Persistence best practices

This section explains best practices for persistence.

RDB persistence

For best results backing up your instance with RDB snapshots, you should use the following best practices:

Memory management

RDB snapshots use a process fork and 'copy-on-write' mechanism to take a snapshot of node data. Depending on the pattern of writes to nodes, the used memory of the nodes grows as pages touched by the writes are copied. In the worst case, the memory footprint can be double the size of the data in the node.

To ensure nodes have sufficient memory to complete the snapshot, you should keep or set maxmemory at 80% of the node capacity so that 20% is reserved for overhead. For more information, see Monitor memory usage for an instance. This memory overhead, in addition to Monitoring snapshots, helps you manage your workload to have successful snapshots.

Stale snapshots

Recovering nodes from a stale snapshot can cause performance issues for your application as it tries to reconcile a significant amount of stale keys or other changes to your database such as a schema change. If you are concerned about recovering from a stale snapshot, you can disable the RDB persistence feature. Once you re-enable persistence, a snapshot is taken at the next scheduled snapshot interval.

Performance impact of RDB snapshots

Depending on your workload pattern RDB snapshots can impact the performance of the instance and increase latency for your applications. You can minimize the performance impact of RDB snapshots by scheduling them to run during periods of low instance traffic if you are comfortable with less frequent snapshots.
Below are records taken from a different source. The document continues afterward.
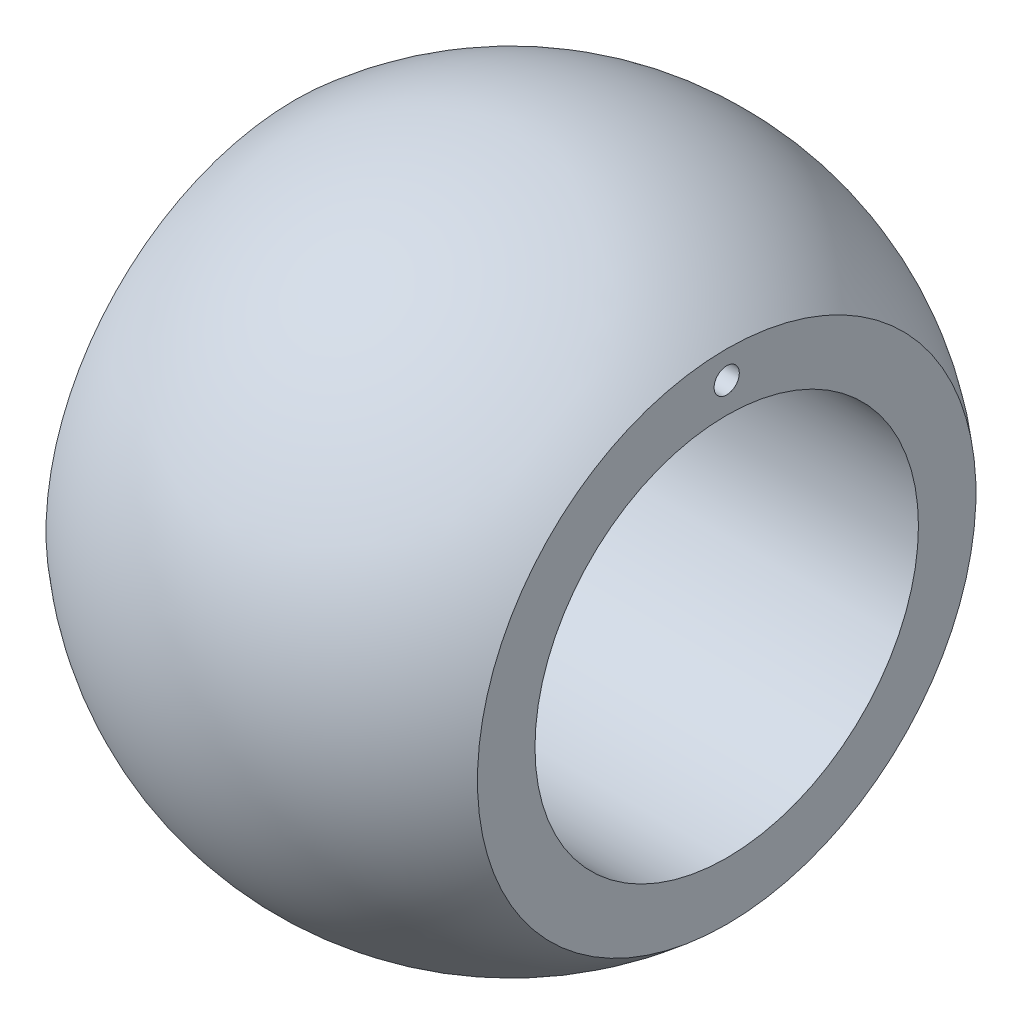
ISO-10303-21;
HEADER;
FILE_DESCRIPTION(('STEP AP214'),'2;1');
FILE_NAME('part.step','',(''),(''),'','','');
FILE_SCHEMA(('AUTOMOTIVE_DESIGN { 1 0 10303 214 1 1 1 1 }'));
ENDSEC;
DATA;
#1=APPLICATION_CONTEXT('core data for automotive mechanical design processes');
#2=APPLICATION_PROTOCOL_DEFINITION('international standard','automotive_design',2000,#1);
#3=PRODUCT_CONTEXT('',#1,'mechanical');
#4=PRODUCT('Part','Part','',(#3));
#5=PRODUCT_RELATED_PRODUCT_CATEGORY('part','',(#4));
#6=PRODUCT_DEFINITION_FORMATION('','',#4);
#7=PRODUCT_DEFINITION_CONTEXT('part definition',#1,'design');
#8=PRODUCT_DEFINITION('design','',#6,#7);
#9=PRODUCT_DEFINITION_SHAPE('','',#8);
#10=(LENGTH_UNIT() NAMED_UNIT(*) SI_UNIT(.MILLI.,.METRE.));
#11=(NAMED_UNIT(*) PLANE_ANGLE_UNIT() SI_UNIT($,.RADIAN.));
#12=(NAMED_UNIT(*) SI_UNIT($,.STERADIAN.) SOLID_ANGLE_UNIT());
#13=UNCERTAINTY_MEASURE_WITH_UNIT(LENGTH_MEASURE(1.E-05),#10,'distance_accuracy_value','');
#14=(GEOMETRIC_REPRESENTATION_CONTEXT(3) GLOBAL_UNCERTAINTY_ASSIGNED_CONTEXT((#13)) GLOBAL_UNIT_ASSIGNED_CONTEXT((#10,
#11,#12)) REPRESENTATION_CONTEXT('',''));
#15=CARTESIAN_POINT('',(0.,0.,0.));
#16=DIRECTION('',(0.,0.,1.));
#17=DIRECTION('',(1.,0.,0.));
#18=AXIS2_PLACEMENT_3D('',#15,#16,#17);
#19=CARTESIAN_POINT('',(0.,0.,0.));
#20=DIRECTION('',(-1.,0.,0.));
#21=DIRECTION('',(0.,1.,0.));
#22=AXIS2_PLACEMENT_3D('',#19,#20,#21);
#23=SPHERICAL_SURFACE('',#22,6.87677249878168);
#24=CARTESIAN_POINT('',(-4.5,0.,0.));
#25=DIRECTION('',(-1.,0.,0.));
#26=DIRECTION('',(0.,-1.,0.));
#27=AXIS2_PLACEMENT_3D('',#24,#25,#26);
#28=CIRCLE('',#27,5.2);
#29=CARTESIAN_POINT('',(-4.5,-5.2,0.));
#30=VERTEX_POINT('',#29);
#31=EDGE_CURVE('E51',#30,#30,#28,.T.);
#32=ORIENTED_EDGE('',*,*,#31,.F.);
#33=EDGE_LOOP('',(#32));
#34=FACE_BOUND('',#33,.T.);
#35=CARTESIAN_POINT('',(4.49999999999999,0.,0.));
#36=DIRECTION('',(-1.,0.,0.));
#37=DIRECTION('',(0.,-1.,0.));
#38=AXIS2_PLACEMENT_3D('',#35,#36,#37);
#39=CIRCLE('',#38,5.2);
#40=CARTESIAN_POINT('',(4.5,-5.2,0.));
#41=VERTEX_POINT('',#40);
#42=EDGE_CURVE('E10',#41,#41,#39,.T.);
#43=ORIENTED_EDGE('',*,*,#42,.T.);
#44=EDGE_LOOP('',(#43));
#45=FACE_BOUND('',#44,.T.);
#46=ADVANCED_FACE('F37',(#34,#45),#23,.T.);
#47=CARTESIAN_POINT('',(4.5,5.2,0.));
#48=DIRECTION('',(-1.,0.,0.));
#49=DIRECTION('',(0.,-1.,0.));
#50=AXIS2_PLACEMENT_3D('',#47,#48,#49);
#51=PLANE('',#50);
#52=CARTESIAN_POINT('',(4.5,4.63,0.));
#53=DIRECTION('',(-1.,0.,0.));
#54=DIRECTION('',(0.,-1.,0.));
#55=AXIS2_PLACEMENT_3D('',#52,#53,#54);
#56=CIRCLE('',#55,0.262991614352404);
#57=CARTESIAN_POINT('',(4.5,4.3670083856476,0.));
#58=VERTEX_POINT('',#57);
#59=EDGE_CURVE('E56',#58,#58,#56,.T.);
#60=ORIENTED_EDGE('',*,*,#59,.T.);
#61=EDGE_LOOP('',(#60));
#62=FACE_BOUND('',#61,.T.);
#63=ORIENTED_EDGE('',*,*,#42,.F.);
#64=EDGE_LOOP('',(#63));
#65=FACE_BOUND('',#64,.T.);
#66=CARTESIAN_POINT('',(4.49999999999999,0.,0.));
#67=DIRECTION('',(-1.,0.,0.));
#68=DIRECTION('',(0.,-1.,0.));
#69=AXIS2_PLACEMENT_3D('',#66,#67,#68);
#70=CIRCLE('',#69,4.);
#71=CARTESIAN_POINT('',(4.5,-3.99999999999999,0.));
#72=VERTEX_POINT('',#71);
#73=EDGE_CURVE('E43',#72,#72,#70,.T.);
#74=ORIENTED_EDGE('',*,*,#73,.T.);
#75=EDGE_LOOP('',(#74));
#76=FACE_BOUND('',#75,.T.);
#77=ADVANCED_FACE('F72',(#62,#65,#76),#51,.F.);
#78=CARTESIAN_POINT('',(-6.87677249878169,0.,0.));
#79=DIRECTION('',(-1.,0.,0.));
#80=DIRECTION('',(0.,-1.,0.));
#81=AXIS2_PLACEMENT_3D('',#78,#79,#80);
#82=CYLINDRICAL_SURFACE('',#81,4.);
#83=ORIENTED_EDGE('',*,*,#73,.F.);
#84=EDGE_LOOP('',(#83));
#85=FACE_BOUND('',#84,.T.);
#86=CARTESIAN_POINT('',(-4.5,0.,0.));
#87=DIRECTION('',(-1.,0.,0.));
#88=DIRECTION('',(0.,-1.,0.));
#89=AXIS2_PLACEMENT_3D('',#86,#87,#88);
#90=CIRCLE('',#89,4.);
#91=CARTESIAN_POINT('',(-4.5,-4.,0.));
#92=VERTEX_POINT('',#91);
#93=EDGE_CURVE('E47',#92,#92,#90,.T.);
#94=ORIENTED_EDGE('',*,*,#93,.T.);
#95=EDGE_LOOP('',(#94));
#96=FACE_BOUND('',#95,.T.);
#97=ADVANCED_FACE('F75',(#85,#96),#82,.F.);
#98=CARTESIAN_POINT('',(-4.5,4.,0.));
#99=DIRECTION('',(1.,0.,0.));
#100=DIRECTION('',(0.,1.,0.));
#101=AXIS2_PLACEMENT_3D('',#98,#99,#100);
#102=PLANE('',#101);
#103=CARTESIAN_POINT('',(-4.5,4.63,0.));
#104=DIRECTION('',(1.,0.,0.));
#105=DIRECTION('',(0.,1.,0.));
#106=AXIS2_PLACEMENT_3D('',#103,#104,#105);
#107=CIRCLE('',#106,0.262991614352404);
#108=CARTESIAN_POINT('',(-4.5,4.8929916143524,0.));
#109=VERTEX_POINT('',#108);
#110=EDGE_CURVE('E59',#109,#109,#107,.T.);
#111=ORIENTED_EDGE('',*,*,#110,.T.);
#112=EDGE_LOOP('',(#111));
#113=FACE_BOUND('',#112,.T.);
#114=ORIENTED_EDGE('',*,*,#93,.F.);
#115=EDGE_LOOP('',(#114));
#116=FACE_BOUND('',#115,.T.);
#117=ORIENTED_EDGE('',*,*,#31,.T.);
#118=EDGE_LOOP('',(#117));
#119=FACE_BOUND('',#118,.T.);
#120=ADVANCED_FACE('F63',(#113,#116,#119),#102,.F.);
#121=CARTESIAN_POINT('',(-4.5,4.63,0.));
#122=DIRECTION('',(1.,0.,0.));
#123=DIRECTION('',(0.,1.,0.));
#124=AXIS2_PLACEMENT_3D('',#121,#122,#123);
#125=CYLINDRICAL_SURFACE('',#124,0.262991614352404);
#126=ORIENTED_EDGE('',*,*,#110,.F.);
#127=EDGE_LOOP('',(#126));
#128=FACE_BOUND('',#127,.T.);
#129=ORIENTED_EDGE('',*,*,#59,.F.);
#130=EDGE_LOOP('',(#129));
#131=FACE_BOUND('',#130,.T.);
#132=ADVANCED_FACE('F66',(#128,#131),#125,.F.);
#133=CLOSED_SHELL('',(#46,#77,#97,#120,#132));
#134=MANIFOLD_SOLID_BREP('B2',#133);
#135=ADVANCED_BREP_SHAPE_REPRESENTATION('',(#18,#134),#14);
#136=SHAPE_DEFINITION_REPRESENTATION(#9,#135);
ENDSEC;
END-ISO-10303-21;

For example, if your instance has low traffic from 1 AM to 4 AM, you can set the start time to 3 AM and set the interval to 24 hours.

If your system has a constant load and requires frequent snapshots, you should carefully evaluate the performance impact, and weigh the benefits of using RDB snapshots for the workload.

Choose a single-zone instance if your instance doesn't use replicas

When configuring an instance without replicas, we recommend a single-zone architecture for improved reliability. Here's why:

Minimize outage impact

Zonal outages are less likely to impact your instance. By placing all nodes within a single zone, the chance of a zonal outage affecting your server drops from 100% to 33%. This is because there is a 33% chance the zone where your instance is located goes down, as opposed to 100% chance that nodes located in the unavailable zone are impacted.

Rapid recovery

Should a zonal outage occur, recovery is streamlined. You can respond by quickly provisioning a new instance in a functioning zone and redirecting your application for minimally interrupted operations.